Clean path names for taxonomies and terms

My danish-english websites about open source and open standards continues to raise i18n-issues. To be more precise: The danish part does!

All the included sites are configured with two taxonomies. And it turns out to be possible to bridge between the languages on the same templates - details about this here.

So far so good.

Now it turns up, that the danish taxonomies are transferred directly to there respective folder/path names in the file system. That means also taxonomy-words and terms with special danish characters like æ, ø and å.

The generated index-urls work fine, even if they contain one of the special letters. But out of experience I would rather keep all special characters out of all urls right from the start.

So I started to search for a template function, that replaces special characters in path-names for taxonomies and terms, the same way that RemovePathAccents, preserveTaxonomyNamesand disablePathToLowerdo. But no luck.

Unless I missed something that kind of function would be really useful. Not only for scandinavians but also for germans and many other nationalities with more than the 25 english/latin alphabet.

Suggested name in config-file: ReplacePathSpecialCharacters: true/false

To start with the danish/norwegian special letters:

æ → ae
ø → oe
Å → aa
Æ → Ae
Ø → Oe
Å → Aa

And not to forget all the diacritics. Unfortunately these are almost countless, and this fact may complicate the project.
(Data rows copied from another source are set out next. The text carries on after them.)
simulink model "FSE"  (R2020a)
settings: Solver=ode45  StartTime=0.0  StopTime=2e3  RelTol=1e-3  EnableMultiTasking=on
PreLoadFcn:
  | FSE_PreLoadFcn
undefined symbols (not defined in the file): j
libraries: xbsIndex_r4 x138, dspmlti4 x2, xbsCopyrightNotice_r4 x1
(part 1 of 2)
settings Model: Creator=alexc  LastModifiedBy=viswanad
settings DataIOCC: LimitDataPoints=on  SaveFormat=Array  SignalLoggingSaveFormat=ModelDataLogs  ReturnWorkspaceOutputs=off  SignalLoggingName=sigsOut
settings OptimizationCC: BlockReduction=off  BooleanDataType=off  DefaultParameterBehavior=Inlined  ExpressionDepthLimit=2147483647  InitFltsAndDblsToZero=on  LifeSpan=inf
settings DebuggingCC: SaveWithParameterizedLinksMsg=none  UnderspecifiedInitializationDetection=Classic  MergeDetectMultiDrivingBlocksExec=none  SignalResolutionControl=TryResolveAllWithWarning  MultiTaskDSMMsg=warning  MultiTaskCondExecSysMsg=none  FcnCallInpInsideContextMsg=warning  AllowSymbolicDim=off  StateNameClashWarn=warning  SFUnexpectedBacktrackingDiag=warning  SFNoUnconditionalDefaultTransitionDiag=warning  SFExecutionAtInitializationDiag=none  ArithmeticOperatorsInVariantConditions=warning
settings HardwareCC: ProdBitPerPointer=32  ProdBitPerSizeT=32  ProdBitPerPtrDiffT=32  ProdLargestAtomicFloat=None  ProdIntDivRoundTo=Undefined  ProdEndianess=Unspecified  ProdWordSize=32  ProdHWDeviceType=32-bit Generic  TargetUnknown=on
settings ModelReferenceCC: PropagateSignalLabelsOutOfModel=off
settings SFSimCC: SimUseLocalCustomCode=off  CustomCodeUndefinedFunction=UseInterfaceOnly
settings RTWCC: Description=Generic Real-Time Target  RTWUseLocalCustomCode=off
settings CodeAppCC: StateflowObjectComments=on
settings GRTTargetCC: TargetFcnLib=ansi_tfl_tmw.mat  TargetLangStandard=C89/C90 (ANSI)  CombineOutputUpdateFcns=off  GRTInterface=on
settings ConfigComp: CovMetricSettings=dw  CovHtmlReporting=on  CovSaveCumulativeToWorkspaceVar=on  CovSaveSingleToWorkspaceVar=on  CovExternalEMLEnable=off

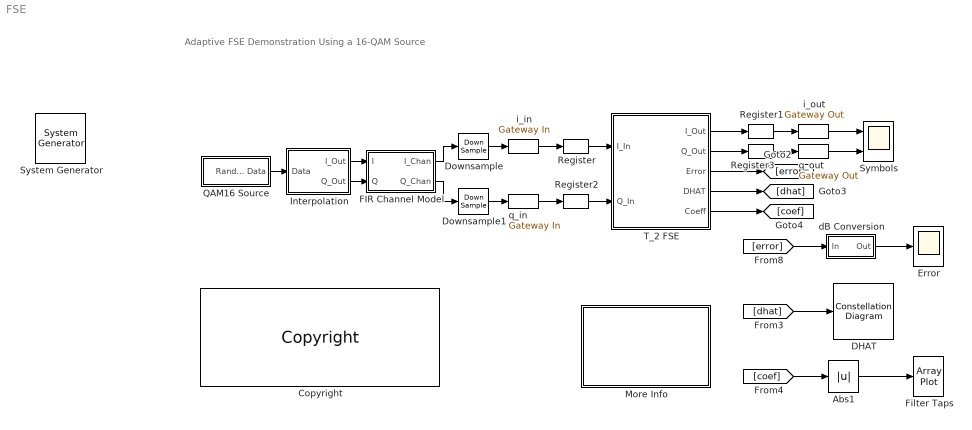
== system FSE ==
  note: Adaptive FSE Demonstration Using a 16-QAM Source
  " System Generator" : xbsIndex_r4/ System Generator  Tag=genX  xilinxfamily=kintex7  part=xc7k325t  speed=-3  package=fbg676  synthesis_tool=Vivado  clock_wrapper=Clock Enables  directory=./netlist  proj_type=Vivado  Synth_file=Vivado Synthesis Defaults  Impl_file=Vivado Implementation Defaults  testbench=off  simulink_period=1  sysclk_period=15  dcm_input_clock_period=10  incr_netlist=off  trim_vbits=Everywhere in SubSystem  dbl_ovrd=According to Block Masks  core_generation=According to Block Masks  run_coregen=off  deprecated_control=off  eval_field=0  block_type=sysgen
  Abs1 : Abs  SaturateOnIntegerOverflow=on
  Copyright : xbsCopyrightNotice_r4/Copyright  copyrighttext="Copyright (c) 2021  by  Xilinx, Inc. All rights reserved.<br><br>This file contains proprietary, confidential information of Xilinx, Inc., is distributed under license from Xilinx, Inc., and may be used, copied and/or disclosed only pursuant to the terms of a valid license agreement with Xilinx, Inc. Xilinx hereby grants you a license to use this file solely for design, simulation, implementation and creation of design files limited to Xilinx devices or technologies. Use with non-Xilinx devices or technologies is expressly prohibited and immediately terminates your license unless covered by a separate agreement.<br><br>Xilinx is providing this design, code, or information \"as-is\" solely for use in developing programs and solutions for Xilinx devices, with no obligation on the part of Xilinx to provide support. By providing this design, code, or information as one possible implementation of this feature, application or standard, Xilinx is making no representation that this implementation is free from any claims of infringement. You are responsible for obtaining any rights you may require for your implementation. Xilinx expressly disclaims any warranty whatsoever with respect to the adequacy of the implementation, including but not limited to any warranties or representations that this implementation is free from claims of infringement, implied warranties of merchantability or fitness for a particular purpose.<br><br>Xilinx products are not intended for use in life support appliances, devices, or systems. Use in such applications is expressly prohibited.<br><br>Any modifications that are made to the Source Code are done at the user's sole risk and will be unsupported.<br><br>This copyright and support notice must be retained as part of this text at all times. (c) Copyright 1995-2021 Xilinx, Inc. All rights reserved."  block_type=copyright
  DHAT : ConstellationDiagram
  Downsample : DownSample  RateOptions=Allow multirate processing
  Downsample1 : DownSample  RateOptions=Allow multirate processing
  Error : Scope
  FIR Channel Model : Subsystem  mask{chan=[1+j*0.1 .2 j*0.2 0 0 0 0 0 0 0]}
      mask prompts: chan "Channel"
  Filter Taps : ArrayPlot
  Interpolation : Subsystem
  More Info : Subsystem
      mask Display: disp('Double click\n for\n more information.')
  QAM16 Source : Subsystem
  Register{,1..3} (4 alike) : xbsIndex_r4/Register  init=0  rst=off  en=off  XmcBlockStatus=1  maskContainerNames=tabcontainer1  block_type=register  block_config=sysgen:Register_config
  Symbols : Scope  NumInputPorts=2
  T_2 FSE : Subsystem  mask{mu=.005}
  dB Conversion : Subsystem
  i_in : xbsIndex_r4/Gateway In  gui_display_data_type=Fixed-point  arith_type=Signed (2's comp)  n_bits=12  bin_pt=10  preci_type=Single  exp_width=8  frac_width=24  rows=1  columns=1  quantization="Round  (unbiased: +/- Inf)"  overflow=Saturate  period=2  UseAsADC=off  ADCChannel='1'  interface=None  automatic_assignment=on  address_offset=hex2dec('00')  intf_name=''  intf_description=''  default_value=0  timing_constraint=None  locs_specified=off  LOCs={}  io_standard={}  inherit_from_input=off  hdl_port=on  XmcBlockStatus=1  maskContainerNames=group4  block_type=gatewayin  block_config=sysgen:gateway_in_config
  i_out : xbsIndex_r4/Gateway Out  inherit_from_input=off  hdl_port=on  rows=1  columns=1  UseAsDAC=off  DACChannel='1'  interface=None  automatic_assignment=on  address_offset=hex2dec('00')  intf_name=''  intf_description=''  timing_constraint="Data Rate;  Set 'FAST' Attribute"  locs_specified=off  LOCs={}  io_standard={}  XmcBlockStatus=1  maskContainerNames=group4  block_type=gatewayout  block_config=sysgen:gateway_out_config
  q_in : xbsIndex_r4/Gateway In  gui_display_data_type=Fixed-point  arith_type=Signed (2's comp)  n_bits=12  bin_pt=10  preci_type=Single  exp_width=8  frac_width=24  rows=1  columns=1  quantization="Round  (unbiased: +/- Inf)"  overflow=Saturate  period=2  UseAsADC=off  ADCChannel='1'  interface=None  automatic_assignment=on  address_offset=hex2dec('00')  intf_name=''  intf_description=''  default_value=0  timing_constraint=None  locs_specified=off  LOCs={}  io_standard={}  inherit_from_input=off  hdl_port=on  XmcBlockStatus=1  maskContainerNames=group4  block_type=gatewayin  block_config=sysgen:gateway_in_config
  q_out : xbsIndex_r4/Gateway Out  inherit_from_input=off  hdl_port=on  rows=1  columns=1  UseAsDAC=off  DACChannel='1'  interface=None  automatic_assignment=on  address_offset=hex2dec('00')  intf_name=''  intf_description=''  timing_constraint="Data Rate;  Set 'FAST' Attribute"  locs_specified=off  LOCs={}  io_standard={}  XmcBlockStatus=1  maskContainerNames=group4  block_type=gatewayout  block_config=sysgen:gateway_out_config
  wires:
  QAM16 Source/1(" Random Data") -> Interpolation/1(Data)
  Interpolation/2(Q_Out) -> FIR Channel Model/2(Q)
  T_2 FSE/3(Error) -> [error]
  Downsample1/1 -> q_in/1
  Downsample/1 -> i_in/1
  Interpolation/1(I_Out) -> FIR Channel Model/1(I)
  T_2 FSE/2(Q_Out) -> Register3/1
  T_2 FSE/1(I_Out) -> Register1/1
  FIR Channel Model/1(I_Chan) -> Downsample/1
  FIR Channel Model/2(Q_Chan) -> Downsample1/1
  T_2 FSE/5(Coeff) -> [coef]
  i_in/1 -> Register/1
  Abs1/1 -> Filter Taps/1
  T_2 FSE/4(DHAT) -> [dhat]
  dB Conversion/1(Out) -> Error/1
  Register2/1 -> T_2 FSE/2(Q_In)
  Register1/1 -> i_out/1
  Register3/1 -> q_out/1
  q_in/1 -> Register2/1
  Register/1 -> T_2 FSE/1(I_In)
  [coef] -> Abs1/1
  [dhat] -> DHAT/1
  [error] -> dB Conversion/1(In)
  i_out/1 -> Symbols/1
  q_out/1 -> Symbols/2

== system FSE/FIR Channel Model ==
  I : Inport
  Q : Inport  Port=2
  Channel : Subsystem
  Channel1 : Subsystem
  Complex to Real-Imag1 : ComplexToRealImag
  Gain : Gain  Gain=j  SaturateOnIntegerOverflow=on  OutDataTypeStr=Inherit: Same as input  ParamDataTypeStr=Inherit: Same as input
  Random Number : RandomNumber  Variance=.01  SampleTime=100000
  Sum : Sum  Inputs=+++  InputSameDT=on  SaturateOnIntegerOverflow=on  OutDataTypeStr=Inherit: Same as first input
  I_Chan : Outport  VectorParamsAs1DForOutWhenUnconnected=off
  Q_Chan : Outport  Port=2  VectorParamsAs1DForOutWhenUnconnected=off
  wires:
  Channel1/1(yn) -> Gain/1
  Channel/1(yn) -> Sum/1
  Q/1 -> Channel1/1(xn)
  I/1 -> Channel/1(xn)
  Random Number/1 -> Sum/2
  Gain/1 -> Sum/3
  Sum/1 -> Complex to Real-Imag1/1
  Complex to Real-Imag1/2 -> Q_Chan/1
  Complex to Real-Imag1/1 -> I_Chan/1

== system FSE/Interpolation ==
  Data : Inport
  Complex to Real-Imag5 : ComplexToRealImag
  FIR Interpolation : dspmlti4/FIR Interpolation  FilterSource=Dialog parameters  PrivateCoeffs=0  h=sinc(-3:.25:3);  L=4  FilterObject=Hm_firinterp  framing=Allow multirate processing  outputBufInitCond=0  roundingMode=Floor  overflowMode=off  firstCoeffDataTypeStr=Inherit: Same word length as input  firstCoeffMin=[]  firstCoeffMax=[]  firstCoeffLastDataTypeStr=Inherit: Same word length as input  outputDataTypeStr=Inherit: Same as accumulator  outputMin=[]  outputMax=[]  outputLastDataTypeStr=Inherit: Same as accumulator
  FIR Interpolation1 : dspmlti4/FIR Interpolation  FilterSource=Dialog parameters  PrivateCoeffs=0  h=sinc(-3:.25:3);  L=4  FilterObject=Hm_firinterp  framing=Allow multirate processing  outputBufInitCond=0  roundingMode=Floor  overflowMode=off  firstCoeffDataTypeStr=Inherit: Same word length as input  firstCoeffMin=[]  firstCoeffMax=[]  firstCoeffLastDataTypeStr=Inherit: Same word length as input  outputDataTypeStr=Inherit: Same as accumulator  outputMin=[]  outputMax=[]  outputLastDataTypeStr=Inherit: Same as accumulator
  I_Out : Outport  VectorParamsAs1DForOutWhenUnconnected=off
  Q_Out : Outport  Port=2  VectorParamsAs1DForOutWhenUnconnected=off
  wires:
  Complex to Real-Imag5/2 -> FIR Interpolation1/1
  Complex to Real-Imag5/1 -> FIR Interpolation/1
  FIR Interpolation/1 -> I_Out/1
  Data/1 -> Complex to Real-Imag5/1
  FIR Interpolation1/1 -> Q_Out/1

== system FSE/More Info ==
  note: This design shows a T/2 adaptive Fractionally Space Equalizer (FSE)
      | operating on a 16-QAM data source with noise and filtering introduced
      | in the channel model.  The two 4-tap FIR filters are based on an
      | SRL16E-based MAC implementation.
      |
      | The DHAT scope provides an X-Y plot of the I and Q filter outputs from
      | within the FSE.  As the simulation progresses, these symbols will
      | converge as the error is reduced.  The magnitude of the filter coefficients
      | is shown in a vector scope as well.  Increasing the simulation duration
      | will allow better visualization of the adaptive FSE effects on the filter output.
      |
      |
      | For additional information on FSE:
      |
      | J.R. Treichler, I. Fijalkow, and C.R. Johnson, Jr.  "Fractionally Spaced
      | Equalizers"  IEEE Signal Processing Magazine, May 1996, pp. 65-81.
      |
      | Chris H. Dick, "Design and implementation of high-performance FPGA
      | signal processing datapaths for software-defined radios" VMEbus
      | Systems, August 2001.
  note: Adaptive FSE Demonstration Using a 16-QAM Source

== system FSE/QAM16 Source ==
  QAM16 - I : Subsystem
  QAM16 -Q : Subsystem
  Real-Imag to Complex : RealImagToComplex
  " Random Data" : Outport  VectorParamsAs1DForOutWhenUnconnected=off
  wires:
  QAM16 - I/1(I) -> Real-Imag to Complex/1
  QAM16 -Q/1(Q) -> Real-Imag to Complex/2
  Real-Imag to Complex/1 -> " Random Data"/1

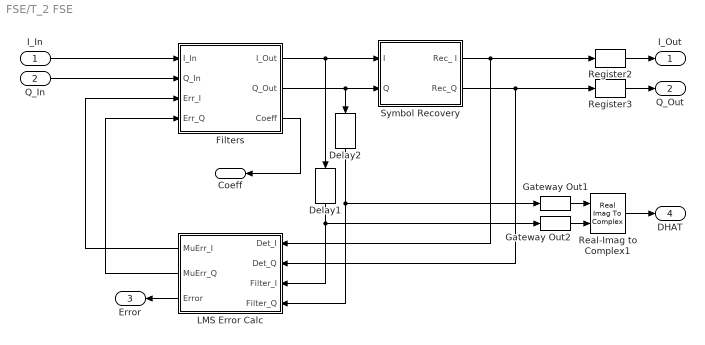
== system FSE/T_2 FSE ==
  I_In : Inport
  Q_In : Inport  Port=2
  Delay1 : xbsIndex_r4/Delay  rst=off  en=off  latency=2  reg_retiming=off  XmcBlockStatus=1  maskContainerNames=group1  block_type=delay  block_config=sysgen:Delay_config
  Delay2 : xbsIndex_r4/Delay  rst=off  en=off  latency=2  reg_retiming=off  XmcBlockStatus=1  maskContainerNames=group1  block_type=delay  block_config=sysgen:Delay_config
  Filters : Subsystem
  Gateway Out1 : xbsIndex_r4/Gateway Out  inherit_from_input=off  hdl_port=off  rows=1  columns=1  UseAsDAC=off  DACChannel='1'  interface=None  automatic_assignment=on  address_offset=hex2dec('00')  intf_name=''  intf_description=''  timing_constraint=None  locs_specified=off  LOCs={}  io_standard={}  XmcBlockStatus=1  maskContainerNames=group4  block_type=gatewayout  block_config=sysgen:gateway_out_config
  Gateway Out2 : xbsIndex_r4/Gateway Out  inherit_from_input=off  hdl_port=off  rows=1  columns=1  UseAsDAC=off  DACChannel='1'  interface=None  automatic_assignment=on  address_offset=hex2dec('00')  intf_name=''  intf_description=''  timing_constraint=None  locs_specified=off  LOCs={}  io_standard={}  XmcBlockStatus=1  maskContainerNames=group4  block_type=gatewayout  block_config=sysgen:gateway_out_config
  LMS Error Calc : Subsystem
  Real-Imag to Complex1 : RealImagToComplex
  Register2 : xbsIndex_r4/Register  init=0  rst=off  en=off  XmcBlockStatus=1  maskContainerNames=tabcontainer1  block_type=register  block_config=sysgen:Register_config
  Register3 : xbsIndex_r4/Register  init=0  rst=off  en=off  XmcBlockStatus=1  maskContainerNames=tabcontainer1  block_type=register  block_config=sysgen:Register_config
  Symbol Recovery : Subsystem
  I_Out : Outport  VectorParamsAs1DForOutWhenUnconnected=off
  Q_Out : Outport  Port=2  VectorParamsAs1DForOutWhenUnconnected=off
  Error : Outport  Port=3  VectorParamsAs1DForOutWhenUnconnected=off
  DHAT : Outport  Port=4  VectorParamsAs1DForOutWhenUnconnected=off
  Coeff : Outport  Port=5  VectorParamsAs1DForOutWhenUnconnected=off
  wires:
  Q_In/1 -> Filters/2(Q_In)
  LMS Error Calc/2(MuErr_Q) -> Filters/4(Err_Q)
  LMS Error Calc/1(MuErr_I) -> Filters/3(Err_I)
  Filters/1(I_Out) -> Delay1/1, Symbol Recovery/1(I)
  Symbol Recovery/2(Rec_Q) -> LMS Error Calc/2(Det_Q), Register3/1
  Symbol Recovery/1(Rec_ I) -> LMS Error Calc/1(Det_I), Register2/1
  Filters/2(Q_Out) -> Symbol Recovery/2(Q), Delay2/1
  I_In/1 -> Filters/1(I_In)
  Delay1/1 -> Gateway Out2/1, LMS Error Calc/3(Filter_I)
  Delay2/1 -> Gateway Out1/1, LMS Error Calc/4(Filter_Q)
  Real-Imag to Complex1/1 -> DHAT/1
  Gateway Out1/1 -> Real-Imag to Complex1/1
  Gateway Out2/1 -> Real-Imag to Complex1/2
  Filters/3(Coeff) -> Coeff/1
  LMS Error Calc/3(Error) -> Error/1
  Register2/1 -> I_Out/1
  Register3/1 -> Q_Out/1

== system FSE/dB Conversion ==
  In : Inport
  Abs : Abs  SaturateOnIntegerOverflow=on
  Constant : Constant  Value=0
  Constant1 : Constant
  Constant2 : Constant
  Gain1 : Gain  Gain=20  SaturateOnIntegerOverflow=on  OutDataTypeStr=Inherit: Same as input  ParamDataTypeStr=Inherit: Same as input
  Multiport Switch : MultiPortSwitch  Inputs=2  SaturateOnIntegerOverflow=on  InputSameDT=on
  Relational Operator : RelationalOperator  Operator===  RndMeth=Nearest  InputSameDT=on
  Sum : Sum  Inputs=|++  InputSameDT=on  SaturateOnIntegerOverflow=on  OutDataTypeStr=Inherit: Same as first input
  log10 : Math  Operator=log10  SignedPower=on  SaturateOnIntegerOverflow=on
  Out : Outport  VectorParamsAs1DForOutWhenUnconnected=off
  wires:
  Multiport Switch/1 -> log10/1
  Constant1/1 -> Multiport Switch/3
  Constant/1 -> Relational Operator/1
  Abs/1 -> Multiport Switch/2, Relational Operator/2
  Constant2/1 -> Sum/2
  Sum/1 -> Multiport Switch/1
  Relational Operator/1 -> Sum/1
  Gain1/1 -> Out/1
  In/1 -> Abs/1
  log10/1 -> Gain1/1

== system FSE/FIR Channel Model/Channel ==
  xn : Inport
  Chan Re : Subsystem
  yn : Outport  VectorParamsAs1DForOutWhenUnconnected=off
  wires:
  xn/1 -> Chan Re/1(Input)
  Chan Re/1(Output) -> yn/1

== system FSE/FIR Channel Model/Channel1 ==
  xn : Inport
  Chan Re : Subsystem
  yn : Outport  VectorParamsAs1DForOutWhenUnconnected=off
  wires:
  xn/1 -> Chan Re/1(Input)
  Chan Re/1(Output) -> yn/1

== system FSE/QAM16 Source/QAM16 - I ==
  Constant : Constant  Value=3
  Gain : Gain  Gain=2  SaturateOnIntegerOverflow=on  OutDataTypeStr=Inherit: Same as input  ParamDataTypeStr=Inherit: Same as input
  Gain1 : Gain  Gain=1/3  SaturateOnIntegerOverflow=on  OutDataTypeStr=Inherit: Same as input  ParamDataTypeStr=Inherit: Same as input
  Random Integer Generator : Subsystem  mask{M=4, seed=1, Ts=4}
      mask prompts: M "M-ary Number"; seed "Initial seed"; Ts "Sample Time"
  Sum : Sum  Inputs=|+-  InputSameDT=on  SaturateOnIntegerOverflow=on  OutDataTypeStr=Inherit: Same as first input
  I : Outport  VectorParamsAs1DForOutWhenUnconnected=off
  wires:
  Random Integer Generator/1(Out1) -> Gain/1
  Gain/1 -> Sum/1
  Constant/1 -> Sum/2
  Sum/1 -> Gain1/1
  Gain1/1 -> I/1

== system FSE/QAM16 Source/QAM16 -Q ==
  Constant : Constant  Value=3
  Gain : Gain  Gain=2  SaturateOnIntegerOverflow=on  OutDataTypeStr=Inherit: Same as input  ParamDataTypeStr=Inherit: Same as input
  Gain1 : Gain  Gain=1/3  SaturateOnIntegerOverflow=on  OutDataTypeStr=Inherit: Same as input  ParamDataTypeStr=Inherit: Same as input
  Random Integer Generator : Subsystem  mask{M=4, seed=4, Ts=4}
      mask prompts: M "M-ary Number"; seed "Initial seed"; Ts "Sample Time"
  Sum : Sum  Inputs=|+-  InputSameDT=on  SaturateOnIntegerOverflow=on  OutDataTypeStr=Inherit: Same as first input
  Q : Outport  VectorParamsAs1DForOutWhenUnconnected=off
  wires:
  Random Integer Generator/1(Out1) -> Gain/1
  Gain/1 -> Sum/1
  Constant/1 -> Sum/2
  Sum/1 -> Gain1/1
  Gain1/1 -> Q/1

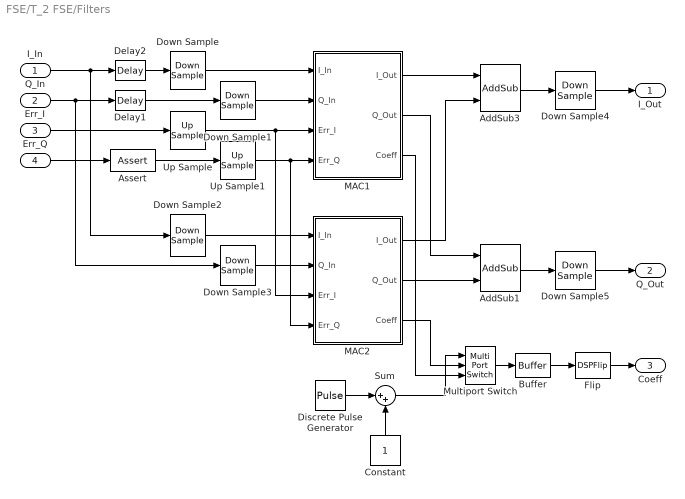
== system FSE/T_2 FSE/Filters ==
  I_In : Inport
  Q_In : Inport  Port=2
  Err_I : Inport  Port=3
  Err_Q : Inport  Port=4
  AddSub1 : xbsIndex_r4/AddSub  mode=Addition  use_carryin=off  use_carryout=off  en=off  latency=0  precision=User Defined  arith_type="Signed  (2's comp)"  n_bits=18  bin_pt=10  quantization="Round  (unbiased: +/- Inf)"  overflow=Saturate  use_behavioral_HDL=on  hw_selection=Fabric  pipelined=off  use_rpm=off  XmcBlockStatus=1  maskContainerNames=tabcontainer1  block_type=addsub  block_config=sysgen:Addsub_config
  AddSub3 : xbsIndex_r4/AddSub  mode=Addition  use_carryin=off  use_carryout=off  en=off  latency=0  precision=User Defined  arith_type="Signed  (2's comp)"  n_bits=18  bin_pt=10  quantization="Round  (unbiased: +/- Inf)"  overflow=Saturate  use_behavioral_HDL=on  hw_selection=Fabric  pipelined=off  use_rpm=off  XmcBlockStatus=1  maskContainerNames=tabcontainer1  block_type=addsub  block_config=sysgen:Addsub_config
  Assert : xbsIndex_r4/Assert  assert_type=off  type_source=Explicitly  gui_display_data_type=Fixed-point  arith_type=Unsigned  n_bits=8  bin_pt=2  preci_type=Single  exp_width=8  frac_width=24  assert_rate=on  rate_source=Explicitly  period=4  output_port=on  XmcBlockStatus=1  maskContainerNames=group1  block_type=assert  block_config=sysgen:assert_config
  Buffer : Buffer  N=8
  Constant : Constant
  Delay1 : xbsIndex_r4/Delay  rst=off  en=off  latency=1  reg_retiming=off  XmcBlockStatus=1  maskContainerNames=group1  block_type=delay  block_config=sysgen:Delay_config
  Delay2 : xbsIndex_r4/Delay  rst=off  en=off  latency=1  reg_retiming=off  XmcBlockStatus=1  maskContainerNames=group1  block_type=delay  block_config=sysgen:Delay_config
  Discrete Pulse Generator : DiscretePulseGenerator  SampleTime=.5
  Down Sample : xbsIndex_r4/Down Sample  sample_ratio=2  sample_phase="Last Value of Frame  (most efficient)"  en=off  rst=off  latency=1  XmcBlockStatus=1  maskContainerNames=group1  block_type=dsamp  block_config=sysgen:Downsample_config
  Down Sample1 : xbsIndex_r4/Down Sample  sample_ratio=2  sample_phase="Last Value of Frame  (most efficient)"  en=off  rst=off  latency=1  XmcBlockStatus=1  maskContainerNames=group1  block_type=dsamp  block_config=sysgen:Downsample_config
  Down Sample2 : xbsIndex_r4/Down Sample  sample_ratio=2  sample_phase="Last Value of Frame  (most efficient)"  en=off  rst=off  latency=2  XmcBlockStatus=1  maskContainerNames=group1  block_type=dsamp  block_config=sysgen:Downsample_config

But here are some, that first come into mind:

ä → ae
ö → oe
ü → ue
Ä → Ae
Ö → Oe
Ü → Ue

It would be really nice, if the titles on the rendered taxonomy- and term-pages keep their native letters, while only the path-names (and urls) are affected by the conversion.

While not being able to find a simpler solution, my quick fix goes the other way around.

The words containg special characters are a minority in danish after all, so I have decided to name the danish taxonomies and terms without special characters - and then replace the index-titles for them to make them 100 pct. danish.

This hack requires a lot of substring replacesments using this code. But it does the job for the time being.